BRIEF:
Starting at the first line of the entries below, restate each line exactly until you reach the line with "coef_sum1 = sum(abs(coef_int(1:length(coef_int)/4)));", and print that one too. Leave the pictures out and stop there.

### RECORDS SHOWN

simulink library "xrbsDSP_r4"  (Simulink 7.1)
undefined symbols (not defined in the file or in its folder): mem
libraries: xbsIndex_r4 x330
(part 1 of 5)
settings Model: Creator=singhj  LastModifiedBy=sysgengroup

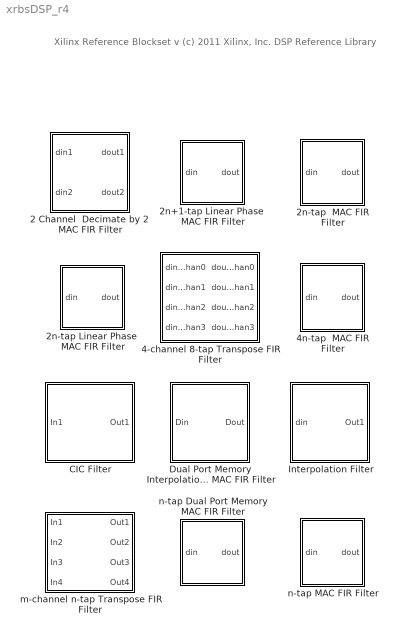
== system xrbsDSP_r4 ==
  note: Xilinx Reference Blockset v
      | (c) 2011 Xilinx, Inc.
      |
      | DSP Reference Library
  2 Channel  Decimate by 2  MAC FIR Filter : Subsystem  mask(n tap 2 Channel Decimate by 2 MAC FIR Filter){bit_width=18, bin_pt=16, coef1=fir1(60,.1), coef2=fir1(60,.3), coef_bit_width=18, coef_bin_pt=18, Ts=1}
      mask prompts: bit_width "Data Input Bit Width"; bin_pt "Data Input Binary Point"; coef1 "Coefficient Vector (Ch.1)"; coef2 "Coefficient Vector (Ch.2)"; coef_bit_width "Number of Bits per Coefficient"; coef_bin_pt "Binary Point per Coefficient"; Ts "Sample Period"
      mask help:
      | This is a n tap 2 Channel Filter decimate by 2 MAC Based FIR Filter.
      |
      |  - The Data Input bit width should be the same for both ports.
      |  - The number of Coefficients must be the same for both channels.
      |  - Pad coefficients with zeros if necessary.
      mask init:
      | %make sure there are an even number of coefficients
      | even_test1 = length(coef1)/2 - floor(length(coef1)/2);
      | if (even_test1 > 0)
      | 	coef1 = [coef1(:)' 0];
      | end
      | 
      | even_test2 = length(coef2)/2 - floor(length(coef2)/2);
      | if (even_test2 > 0)
      | 	coef2 = [coef2(:)' 0];
      | end
      | 
      | coef = 0;
      | j = 0;
      | 
      | for i = 1:2:length(coef1)
      | 
      | 	j = j+1;
      | 	coef(j) = coef1(i);
      | 
      | end
      | 
      | for i = 1:2:length(coef2)
      | 
      | 	j = j+1;
      | 	coef(j) = coef2(i);
      | 
      | end
      | 
      | for i = 2:2:length(coef1)
      | 
      | 	j = j+1;
      | 	coef(j) = coef1(i);
      | 
      | end
      | 
      | for i = 2:2:length(coef2)
      | 
      | 	j = j+1;
      | 	coef(j) = coef2(i);
      | 
      | end
      | 
      | %calculate the largest phase filter coefficient sum
      | 
      | %work in integers firstly
      | coef_int = coef*2^coef_bin_pt;
      | %Sum the coefficients
      | coef_sum1 = sum(abs(coef_int(1:length(coef_int)/4)));
      | coef_sum2 = sum(abs(coef_int(length(coef_int)/2+1:3*length(coef_int)/4)));
      | 
      | if coef_sum1 >= coef_sum2
      | 	coef_sum = coef_sum1;
      | else
      | 	coef_sum = coef_sum2;
      | end
      | 
      | %calculate the 2nd accumalator output width. Accomdates for poor coefficients
      | accum2_temp = ceil(log2(coef_sum*(2^(bit_width-1))))+1;
      | if accum2_temp < (bit_width+coef_bit_width)
      | 	accum2_bit_width = bit_width+coef_bit_width;
      | else
      | 	accum2_bit_width = accum2_temp;
      | end
      | 
      | %Graphic display
      | [bg,fg] = xlcmap('XBlock',0);
      | iPos = get_param(gcb,'Position');
      | iWidth=iPos(3)-iPos(1); iHeight=iPos(4)-iPos(2);
      | iCx=iWidth/2;
      | iCy=iHeight/2;
      | [logoX, logoY] = xlogo(iPos);
      mask Help: eval('');xlDoc('-book','sysgen','-topic','x2_Channel__Decimate_by_2__MAC_FIR_Filter');
      mask Display:
      | patch([0 iWidth iWidth 0],[0 0 iHeight iHeight] , bg);
      | patch(logoX,logoY , fg);
      | plot([0 0 iWidth iWidth 0], [0 iHeight iHeight 0 0]);
      | 
      | disp(sprintf('%d tap\nMAC FIR',length(coef)/2) )
      | 
      | port_label ('output',1,'yn0')
      | port_label ('output',2,'yn1')
      | port_label ('input',1,'xn0')
      | port_label ('input',2,'xn1')
  2n+1-tap Linear Phase  MAC FIR Filter : Subsystem  mask(2n+1-tap Linear Phase MAC FIR Filter){coef=fir1(32,.5), coef_n_bits=12, coef_bin_pt=11, smpl_n_bits=12, smpl_bin_pt=8, smpl_period=1}
      mask prompts: coef "Coefficients"; coef_n_bits "Number of Bits per Coefficient"; coef_bin_pt "Binary Point for Coefficient"; smpl_n_bits "Number of Bits per Input Sample"; smpl_bin_pt "Binary Point for Input Samples"; smpl_period "Input Sample Period"
      mask help: Linear phase MAC-based FIR filter with 2*n+1 coefficients. Design exploits odd coefficient symmetry.
      mask init:
      | dstr = sprintf('%d tap',length(coef));
      | 
      | [bg,fg] = xlcmap('XBlock',0);
      | iPos = get_param(gcb,'Position');
      | iWidth=iPos(3)-iPos(1); iHeight=iPos(4)-iPos(2);
      | iCx=iWidth/2;
      | iCy=iHeight/2;
      | [logoX, logoY] = xlogo(iPos);
      mask Help: eval('');xlDoc('-book','sysgen','-topic','x2n_1_tap_Linear_Phase__MAC_FIR_Filter');
      mask Display:
      | patch([0 iWidth iWidth 0],[0 0 iHeight iHeight] , bg);
      | patch(logoX,logoY, fg);
      | text(iCx/1.8,iCy+2,dstr);
      | text(iCx/2.0-4,iCy-10,'MAC FIR');
      | plot([0 0 iWidth iWidth 0], [0 iHeight iHeight 0 0]);
  2n-tap  MAC FIR Filter : Subsystem  mask(2n-tap MAC FIR Filter){coef=fir1(31,.5), coef_n_bits=12, coef_bin_pt=11, smpl_n_bits=12, smpl_bin_pt=8, smpl_period=1}
      mask prompts: coef "Coefficients"; coef_n_bits "Number of Bits per Coefficient"; coef_bin_pt "Binary Point for Coefficient"; smpl_n_bits "Number of Bits per Input Sample"; smpl_bin_pt "Binary Point for Input Samples"; smpl_period "Input Sample Period"
      mask help: MAC-based FIR filter with 2*n coefficients. Number of coefficients must be divisible by 2.
      mask init: same as xrbsDSP_r4/2n+1-tap Linear Phase  MAC FIR Filter
      mask Help: eval('');xlDoc('-book','sysgen','-topic','x2n_tap__MAC_FIR_Filter');
      mask Display:
      | patch([0 iWidth iWidth 0],[0 0 iHeight iHeight] , bg);
      | patch(logoX,logoY, fg);
      | text(iCx/1.8,iCy+2,dstr);
      | text(iCx/2.0-4,iCy-10,'MAC FIR');
      | plot([0 0 iWidth iWidth 0], [0 iHeight iHeight 0 0]);
  2n-tap Linear Phase  MAC FIR Filter : Subsystem  mask(2n-tap Linear Phase MAC FIR Filter){coef=fir1(31,.5), coef_n_bits=12, coef_bin_pt=11, smpl_n_bits=12, smpl_bin_pt=8, smpl_period=1}
      mask prompts: coef "Coefficients"; coef_n_bits "Number of Bits per Coefficient"; coef_bin_pt "Binary Point for Coefficient"; smpl_n_bits "Number of Bits per Input Sample"; smpl_bin_pt "Binary Point for Input Samples"; smpl_period "Input Sample Period"
      mask help: Linear phase MAC-based FIR filter with 2*n coefficients. Design exploits even coefficient symmetry.
      mask init: same as xrbsDSP_r4/2n+1-tap Linear Phase  MAC FIR Filter
      mask Help: eval('');xlDoc('-book','sysgen','-topic','x2n_tap_Linear_Phase__MAC_FIR_Filter');
      mask Display:
      | patch([0 iWidth iWidth 0],[0 0 iHeight iHeight] , bg);
      | patch(logoX,logoY, fg);
      | text(iCx/1.8,iCy+2,dstr);
      | text(iCx/2.0-4,iCy-10,'MAC FIR');
      | plot([0 0 iWidth iWidth 0], [0 iHeight iHeight 0 0]);
  4-channel 8-tap Transpose FIR Filter : Subsystem  mask(4-channel 8-tap Transpose FIR Filter){coef=fir1(7,.5), coef_n_bits=12, coef_bin_pt=11, smpl_n_bits=12, smpl_bin_pt=8, smpl_period=1}
      mask prompts: coef "Coefficients"; coef_n_bits "Number of Bits per Coefficient"; coef_bin_pt "Binary Point for Coefficient"; smpl_n_bits "Number of Bits per Input Sample"; smpl_bin_pt "Binary Point for Input Samples"; smpl_period "Input Sample Period"
      mask help: 4-channel 8-tap transpose FIR filter implemented using Virtex-II dedicated multipliers.
      mask init:
      | [bg,fg] = xlcmap('XBlock',0);
      | iPos = get_param(gcb,'Position');
      | iWidth=iPos(3)-iPos(1); iHeight=iPos(4)-iPos(2);
      | iCx=iWidth/2;
      | iCy=iHeight/2;
      | [logoX, logoY] = xlogo(iPos);
      mask Help: eval('');xlDoc('-book','sysgen','-topic','x4_channel_8_tap_Transpose_FIR_Filter');
      mask Display:
      | patch([0 iWidth iWidth 0],[0 0 iHeight iHeight] , bg);
      | patch(logoX,logoY, fg);
      | port_label('input',1,'xn0');
      | port_label('input',2,'xn1');
      | port_label('input',3,'xn2');
      | port_label('input',4,'xn3');
      | port_label('output',1,'yn0');
      | port_label('output',2,'yn1');
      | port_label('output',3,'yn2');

######

EXERCISE OUTPUT:
simulink library "xrbsDSP_r4"  (Simulink 7.1)
undefined symbols (not defined in the file or in its folder): mem
libraries: xbsIndex_r4 x330
(part 1 of 5)
settings Model: Creator=singhj  LastModifiedBy=sysgengroup

== system xrbsDSP_r4 ==
  note: Xilinx Reference Blockset v
      | (c) 2011 Xilinx, Inc.
      |
      | DSP Reference Library
  2 Channel  Decimate by 2  MAC FIR Filter : Subsystem  mask(n tap 2 Channel Decimate by 2 MAC FIR Filter){bit_width=18, bin_pt=16, coef1=fir1(60,.1), coef2=fir1(60,.3), coef_bit_width=18, coef_bin_pt=18, Ts=1}
      mask prompts: bit_width "Data Input Bit Width"; bin_pt "Data Input Binary Point"; coef1 "Coefficient Vector (Ch.1)"; coef2 "Coefficient Vector (Ch.2)"; coef_bit_width "Number of Bits per Coefficient"; coef_bin_pt "Binary Point per Coefficient"; Ts "Sample Period"
      mask help:
      | This is a n tap 2 Channel Filter decimate by 2 MAC Based FIR Filter.
      |
      |  - The Data Input bit width should be the same for both ports.
      |  - The number of Coefficients must be the same for both channels.
      |  - Pad coefficients with zeros if necessary.
      mask init:
      | %make sure there are an even number of coefficients
      | even_test1 = length(coef1)/2 - floor(length(coef1)/2);
      | if (even_test1 > 0)
      | 	coef1 = [coef1(:)' 0];
      | end
      | 
      | even_test2 = length(coef2)/2 - floor(length(coef2)/2);
      | if (even_test2 > 0)
      | 	coef2 = [coef2(:)' 0];
      | end
      | 
      | coef = 0;
      | j = 0;
      | 
      | for i = 1:2:length(coef1)
      | 
      | 	j = j+1;
      | 	coef(j) = coef1(i);
      | 
      | end
      | 
      | for i = 1:2:length(coef2)
      | 
      | 	j = j+1;
      | 	coef(j) = coef2(i);
      | 
      | end
      | 
      | for i = 2:2:length(coef1)
      | 
      | 	j = j+1;
      | 	coef(j) = coef1(i);
      | 
      | end
      | 
      | for i = 2:2:length(coef2)
      | 
      | 	j = j+1;
      | 	coef(j) = coef2(i);
      | 
      | end
      | 
      | %calculate the largest phase filter coefficient sum
      | 
      | %work in integers firstly
      | coef_int = coef*2^coef_bin_pt;
      | %Sum the coefficients
      | coef_sum1 = sum(abs(coef_int(1:length(coef_int)/4)));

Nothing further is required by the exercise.